Should parents names go on the invitation? - White Cherry Invitations

Should parents names go on the invitation?

Should parents names go on the invitation?

Should you include your parents' names on your wedding invitation?

This means you include both sets (or one set) of parents' names at the top of the invitation, within the host line.

For example:

Mr & Mrs Bride's Parents' Names
together with
Mr & Mrs Grooms Parents' Names

Request the pleasure of inviting you to celebrate the marriage of their children.......

Here are some common scenarios when a couple may include their parents' names on their invitations.

1. Traditional Weddings
In traditional weddings, it is customary to include the names of both sets of parents at the top of the invitation. This acknowledges their role as hosts and reflects the formal nature of the event.

2. Parental Financial Contributions
If one or both sets of parents are contributing significantly to the wedding expenses, it is considerate to include their names as hosts on the invitation.
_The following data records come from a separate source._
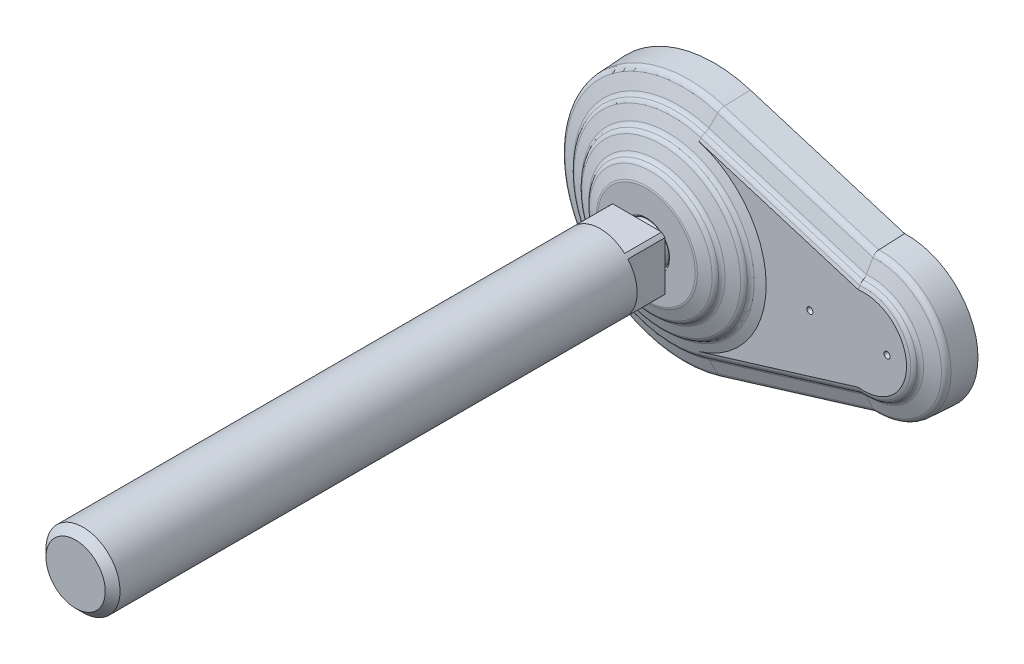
ISO-10303-21;
HEADER;
FILE_DESCRIPTION(('STEP AP214'),'2;1');
FILE_NAME('part.step','',(''),(''),'','','');
FILE_SCHEMA(('AUTOMOTIVE_DESIGN { 1 0 10303 214 1 1 1 1 }'));
ENDSEC;
DATA;
#1=APPLICATION_CONTEXT('core data for automotive mechanical design processes');
#2=APPLICATION_PROTOCOL_DEFINITION('international standard','automotive_design',2000,#1);
#3=PRODUCT_CONTEXT('',#1,'mechanical');
#4=PRODUCT('Part','Part','',(#3));
#5=PRODUCT_RELATED_PRODUCT_CATEGORY('part','',(#4));
#6=PRODUCT_DEFINITION_FORMATION('','',#4);
#7=PRODUCT_DEFINITION_CONTEXT('part definition',#1,'design');
#8=PRODUCT_DEFINITION('design','',#6,#7);
#9=PRODUCT_DEFINITION_SHAPE('','',#8);
#10=(LENGTH_UNIT() NAMED_UNIT(*) SI_UNIT(.MILLI.,.METRE.));
#11=(NAMED_UNIT(*) PLANE_ANGLE_UNIT() SI_UNIT($,.RADIAN.));
#12=(NAMED_UNIT(*) SI_UNIT($,.STERADIAN.) SOLID_ANGLE_UNIT());
#13=UNCERTAINTY_MEASURE_WITH_UNIT(LENGTH_MEASURE(1.E-05),#10,'distance_accuracy_value','');
#14=(GEOMETRIC_REPRESENTATION_CONTEXT(3) GLOBAL_UNCERTAINTY_ASSIGNED_CONTEXT((#13)) GLOBAL_UNIT_ASSIGNED_CONTEXT((#10,
#11,#12)) REPRESENTATION_CONTEXT('',''));
#15=CARTESIAN_POINT('',(0.,0.,0.));
#16=DIRECTION('',(0.,0.,1.));
#17=DIRECTION('',(1.,0.,0.));
#18=AXIS2_PLACEMENT_3D('',#15,#16,#17);
#19=CARTESIAN_POINT('',(0.,0.,37.));
#20=DIRECTION('',(0.,0.,1.));
#21=DIRECTION('',(-1.,0.,0.));
#22=AXIS2_PLACEMENT_3D('',#19,#20,#21);
#23=CYLINDRICAL_SURFACE('',#22,12.);
#24=CARTESIAN_POINT('',(0.,0.,204.6));
#25=DIRECTION('',(0.,0.,1.));
#26=DIRECTION('',(-1.,0.,0.));
#27=AXIS2_PLACEMENT_3D('',#24,#25,#26);
#28=CIRCLE('',#27,12.);
#29=CARTESIAN_POINT('',(-12.,0.,204.6));
#30=VERTEX_POINT('',#29);
#31=EDGE_CURVE('E9',#30,#30,#28,.F.);
#32=ORIENTED_EDGE('',*,*,#31,.T.);
#33=EDGE_LOOP('',(#32));
#34=FACE_BOUND('',#33,.T.);
#35=DIRECTION('',(0.,0.,1.));
#36=VECTOR('',#35,1.);
#37=CARTESIAN_POINT('',(-7.93725393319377,-9.,37.));
#38=LINE('',#37,#36);
#39=CARTESIAN_POINT('',(-7.93725393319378,-9.,37.));
#40=VERTEX_POINT('',#39);
#41=CARTESIAN_POINT('',(-7.93725393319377,-9.,25.));
#42=VERTEX_POINT('',#41);
#43=EDGE_CURVE('E135',#40,#42,#38,.F.);
#44=ORIENTED_EDGE('',*,*,#43,.F.);
#45=CARTESIAN_POINT('',(0.,0.,37.));
#46=DIRECTION('',(0.,0.,1.));
#47=DIRECTION('',(0.,-1.,0.));
#48=AXIS2_PLACEMENT_3D('',#45,#46,#47);
#49=CIRCLE('',#48,12.);
#50=CARTESIAN_POINT('',(7.93725393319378,-9.,37.));
#51=VERTEX_POINT('',#50);
#52=EDGE_CURVE('E506',#40,#51,#49,.T.);
#53=ORIENTED_EDGE('',*,*,#52,.T.);
#54=DIRECTION('',(0.,0.,1.));
#55=VECTOR('',#54,1.);
#56=CARTESIAN_POINT('',(7.93725393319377,-9.,37.));
#57=LINE('',#56,#55);
#58=CARTESIAN_POINT('',(7.93725393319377,-9.,25.));
#59=VERTEX_POINT('',#58);
#60=EDGE_CURVE('E200',#59,#51,#57,.T.);
#61=ORIENTED_EDGE('',*,*,#60,.F.);
#62=CARTESIAN_POINT('',(0.,0.,25.));
#63=DIRECTION('',(0.,0.,1.));
#64=DIRECTION('',(-1.,0.,0.));
#65=AXIS2_PLACEMENT_3D('',#62,#63,#64);
#66=CIRCLE('',#65,12.);
#67=CARTESIAN_POINT('',(9.,-7.93725393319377,25.));
#68=VERTEX_POINT('',#67);
#69=EDGE_CURVE('E183',#59,#68,#66,.T.);
#70=ORIENTED_EDGE('',*,*,#69,.T.);
#71=DIRECTION('',(0.,0.,1.));
#72=VECTOR('',#71,1.);
#73=CARTESIAN_POINT('',(9.,-7.93725393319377,37.));
#74=LINE('',#73,#72);
#75=CARTESIAN_POINT('',(9.,-7.93725393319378,37.));
#76=VERTEX_POINT('',#75);
#77=EDGE_CURVE('E197',#76,#68,#74,.F.);
#78=ORIENTED_EDGE('',*,*,#77,.F.);
#79=CARTESIAN_POINT('',(9.,7.93725393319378,37.));
#80=VERTEX_POINT('',#79);
#81=EDGE_CURVE('E265',#76,#80,#49,.T.);
#82=ORIENTED_EDGE('',*,*,#81,.T.);
#83=DIRECTION('',(0.,0.,1.));
#84=VECTOR('',#83,1.);
#85=CARTESIAN_POINT('',(9.,7.93725393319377,37.));
#86=LINE('',#85,#84);
#87=CARTESIAN_POINT('',(9.,7.93725393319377,25.));
#88=VERTEX_POINT('',#87);
#89=EDGE_CURVE('E242',#88,#80,#86,.T.);
#90=ORIENTED_EDGE('',*,*,#89,.F.);
#91=CARTESIAN_POINT('',(7.93725393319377,9.,25.));
#92=VERTEX_POINT('',#91);
#93=EDGE_CURVE('E179',#88,#92,#66,.T.);
#94=ORIENTED_EDGE('',*,*,#93,.T.);
#95=DIRECTION('',(0.,0.,1.));
#96=VECTOR('',#95,1.);
#97=CARTESIAN_POINT('',(7.93725393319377,9.,37.));
#98=LINE('',#97,#96);
#99=CARTESIAN_POINT('',(7.93725393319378,9.,37.));
#100=VERTEX_POINT('',#99);
#101=EDGE_CURVE('E160',#100,#92,#98,.F.);
#102=ORIENTED_EDGE('',*,*,#101,.F.);
#103=CARTESIAN_POINT('',(-7.93725393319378,9.,37.));
#104=VERTEX_POINT('',#103);
#105=EDGE_CURVE('E173',#100,#104,#49,.T.);
#106=ORIENTED_EDGE('',*,*,#105,.T.);
#107=DIRECTION('',(0.,0.,1.));
#108=VECTOR('',#107,1.);
#109=CARTESIAN_POINT('',(-7.93725393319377,9.,37.));
#110=LINE('',#109,#108);
#111=CARTESIAN_POINT('',(-7.93725393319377,9.,25.));
#112=VERTEX_POINT('',#111);
#113=EDGE_CURVE('E158',#112,#104,#110,.T.);
#114=ORIENTED_EDGE('',*,*,#113,.F.);
#115=CARTESIAN_POINT('',(-9.,7.93725393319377,25.));
#116=VERTEX_POINT('',#115);
#117=EDGE_CURVE('E171',#112,#116,#66,.T.);
#118=ORIENTED_EDGE('',*,*,#117,.T.);
#119=DIRECTION('',(0.,0.,1.));
#120=VECTOR('',#119,1.);
#121=CARTESIAN_POINT('',(-9.,7.93725393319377,37.));
#122=LINE('',#121,#120);
#123=CARTESIAN_POINT('',(-9.,7.93725393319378,37.));
#124=VERTEX_POINT('',#123);
#125=EDGE_CURVE('E174',#124,#116,#122,.F.);
#126=ORIENTED_EDGE('',*,*,#125,.F.);
#127=CARTESIAN_POINT('',(-9.,-7.93725393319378,37.));
#128=VERTEX_POINT('',#127);
#129=EDGE_CURVE('E516',#124,#128,#49,.T.);
#130=ORIENTED_EDGE('',*,*,#129,.T.);
#131=DIRECTION('',(0.,0.,1.));
#132=VECTOR('',#131,1.);
#133=CARTESIAN_POINT('',(-9.,-7.93725393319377,37.));
#134=LINE('',#133,#132);
#135=CARTESIAN_POINT('',(-9.,-7.93725393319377,25.));
#136=VERTEX_POINT('',#135);
#137=EDGE_CURVE('E180',#136,#128,#134,.T.);
#138=ORIENTED_EDGE('',*,*,#137,.F.);
#139=EDGE_CURVE('E182',#136,#42,#66,.T.);
#140=ORIENTED_EDGE('',*,*,#139,.T.);
#141=EDGE_LOOP('',(#44,#53,#61,#70,#78,#82,#90,#94,#102,#106,#114,#118,#126,#130,#138,#140));
#142=FACE_BOUND('',#141,.T.);
#143=ADVANCED_FACE('F14',(#34,#142),#23,.T.);
#144=CARTESIAN_POINT('',(-5.26544933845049,0.,25.));
#145=DIRECTION('',(0.,0.,1.));
#146=DIRECTION('',(-1.,0.,0.));
#147=AXIS2_PLACEMENT_3D('',#144,#145,#146);
#148=PLANE('',#147);
#149=DIRECTION('',(0.,-1.,0.));
#150=VECTOR('',#149,1.);
#151=CARTESIAN_POINT('',(-9.,9.,25.));
#152=LINE('',#151,#150);
#153=EDGE_CURVE('E31',#116,#136,#152,.T.);
#154=ORIENTED_EDGE('',*,*,#153,.F.);
#155=ORIENTED_EDGE('',*,*,#117,.F.);
#156=DIRECTION('',(-1.,0.,0.));
#157=VECTOR('',#156,1.);
#158=CARTESIAN_POINT('',(9.,9.,25.));
#159=LINE('',#158,#157);
#160=EDGE_CURVE('E153',#92,#112,#159,.T.);
#161=ORIENTED_EDGE('',*,*,#160,.F.);
#162=ORIENTED_EDGE('',*,*,#93,.F.);
#163=DIRECTION('',(0.,1.,0.));
#164=VECTOR('',#163,1.);
#165=CARTESIAN_POINT('',(9.,-9.,25.));
#166=LINE('',#165,#164);
#167=EDGE_CURVE('E165',#68,#88,#166,.T.);
#168=ORIENTED_EDGE('',*,*,#167,.F.);
#169=ORIENTED_EDGE('',*,*,#69,.F.);
#170=DIRECTION('',(1.,0.,0.));
#171=VECTOR('',#170,1.);
#172=CARTESIAN_POINT('',(-9.,-9.,25.));
#173=LINE('',#172,#171);
#174=EDGE_CURVE('E202',#42,#59,#173,.T.);
#175=ORIENTED_EDGE('',*,*,#174,.F.);
#176=ORIENTED_EDGE('',*,*,#139,.F.);
#177=EDGE_LOOP('',(#154,#155,#161,#162,#168,#169,#175,#176));
#178=FACE_BOUND('',#177,.T.);
#179=CARTESIAN_POINT('',(0.,0.,25.));
#180=DIRECTION('',(0.,0.,1.));
#181=DIRECTION('',(-1.,0.,0.));
#182=AXIS2_PLACEMENT_3D('',#179,#180,#181);
#183=CIRCLE('',#182,5.26544933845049);
#184=CARTESIAN_POINT('',(-5.26544933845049,0.,25.));
#185=VERTEX_POINT('',#184);
#186=EDGE_CURVE('E188',#185,#185,#183,.T.);
#187=ORIENTED_EDGE('',*,*,#186,.T.);
#188=EDGE_LOOP('',(#187));
#189=FACE_BOUND('',#188,.T.);
#190=ADVANCED_FACE('F176',(#178,#189),#148,.F.);
#191=CARTESIAN_POINT('',(0.,0.,18.6509999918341));
#192=DIRECTION('',(0.,0.,1.));
#193=DIRECTION('',(-1.,0.,0.));
#194=AXIS2_PLACEMENT_3D('',#191,#192,#193);
#195=DEGENERATE_TOROIDAL_SURFACE('',#194,0.000333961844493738,6.829,.T.);
#196=CARTESIAN_POINT('',(0.,0.,19.794));
#197=DIRECTION('',(0.,0.,-1.));
#198=DIRECTION('',(1.,0.,0.));
#199=AXIS2_PLACEMENT_3D('',#196,#197,#198);
#200=CIRCLE('',#199,6.733);
#201=CARTESIAN_POINT('',(6.733,0.,19.794));
#202=VERTEX_POINT('',#201);
#203=EDGE_CURVE('E249',#202,#202,#200,.T.);
#204=ORIENTED_EDGE('',*,*,#203,.F.);
#205=EDGE_LOOP('',(#204));
#206=FACE_BOUND('',#205,.T.);
#207=CARTESIAN_POINT('',(0.,0.,23.));
#208=DIRECTION('',(0.,0.,1.));
#209=DIRECTION('',(-1.,0.,0.));
#210=AXIS2_PLACEMENT_3D('',#207,#208,#209);
#211=CIRCLE('',#210,5.2654493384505);
#212=CARTESIAN_POINT('',(-5.2654493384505,0.,23.));
#213=VERTEX_POINT('',#212);
#214=EDGE_CURVE('E190',#213,#213,#211,.T.);
#215=ORIENTED_EDGE('',*,*,#214,.F.);
#216=EDGE_LOOP('',(#215));
#217=FACE_BOUND('',#216,.T.);
#218=ADVANCED_FACE('F450',(#206,#217),#195,.T.);
#219=CARTESIAN_POINT('',(0.,0.,37.));
#220=DIRECTION('',(0.,0.,1.));
#221=DIRECTION('',(-1.,0.,0.));
#222=AXIS2_PLACEMENT_3D('',#219,#220,#221);
#223=CYLINDRICAL_SURFACE('',#222,5.2654493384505);
#224=ORIENTED_EDGE('',*,*,#186,.F.);
#225=EDGE_LOOP('',(#224));
#226=FACE_BOUND('',#225,.T.);
#227=ORIENTED_EDGE('',*,*,#214,.T.);
#228=EDGE_LOOP('',(#227));
#229=FACE_BOUND('',#228,.T.);
#230=ADVANCED_FACE('F529',(#226,#229),#223,.T.);
#231=CARTESIAN_POINT('',(-9.,-9.,25.));
#232=DIRECTION('',(0.,-1.,0.));
#233=DIRECTION('',(1.,0.,0.));
#234=AXIS2_PLACEMENT_3D('',#231,#232,#233);
#235=PLANE('',#234);
#236=ORIENTED_EDGE('',*,*,#60,.T.);
#237=DIRECTION('',(-1.,0.,0.));
#238=VECTOR('',#237,1.);
#239=CARTESIAN_POINT('',(-12.,-9.,37.));
#240=LINE('',#239,#238);
#241=EDGE_CURVE('E214',#51,#40,#240,.T.);
#242=ORIENTED_EDGE('',*,*,#241,.T.);
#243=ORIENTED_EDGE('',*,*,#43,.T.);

3. Divorced or Remarried Parents
When parents are divorced or remarried, the inclusion of their names can vary depending on family dynamics and preferences. Some couples may find it too difficult to include everyone's names if they have remarried, so an alternative to this is to write "Together with their families" and have the voice of the invitation coming from the couple.

4. Cultural and Religious Traditions
In some cultures or religions, it is customary to include the parents' names on wedding invitations, regardless of financial contributions.

5. Gesture of Respect & Gratitude
Couples may choose to include their names as a gesture of respect and gratitude whether or not their parents have expressed their wishes to be mentioned on the invitation.

Please know that wedding etiquette is flexible and it's your wedding at the end of the day, so don't feel pressured to do anything you don't want to do.

There are no strict rules regarding the inclusion of parents' names. Couples can choose what feels right for them and their specific situation, whether it involves including parents' names, using more summarised wording, or removing the formal host line altogether.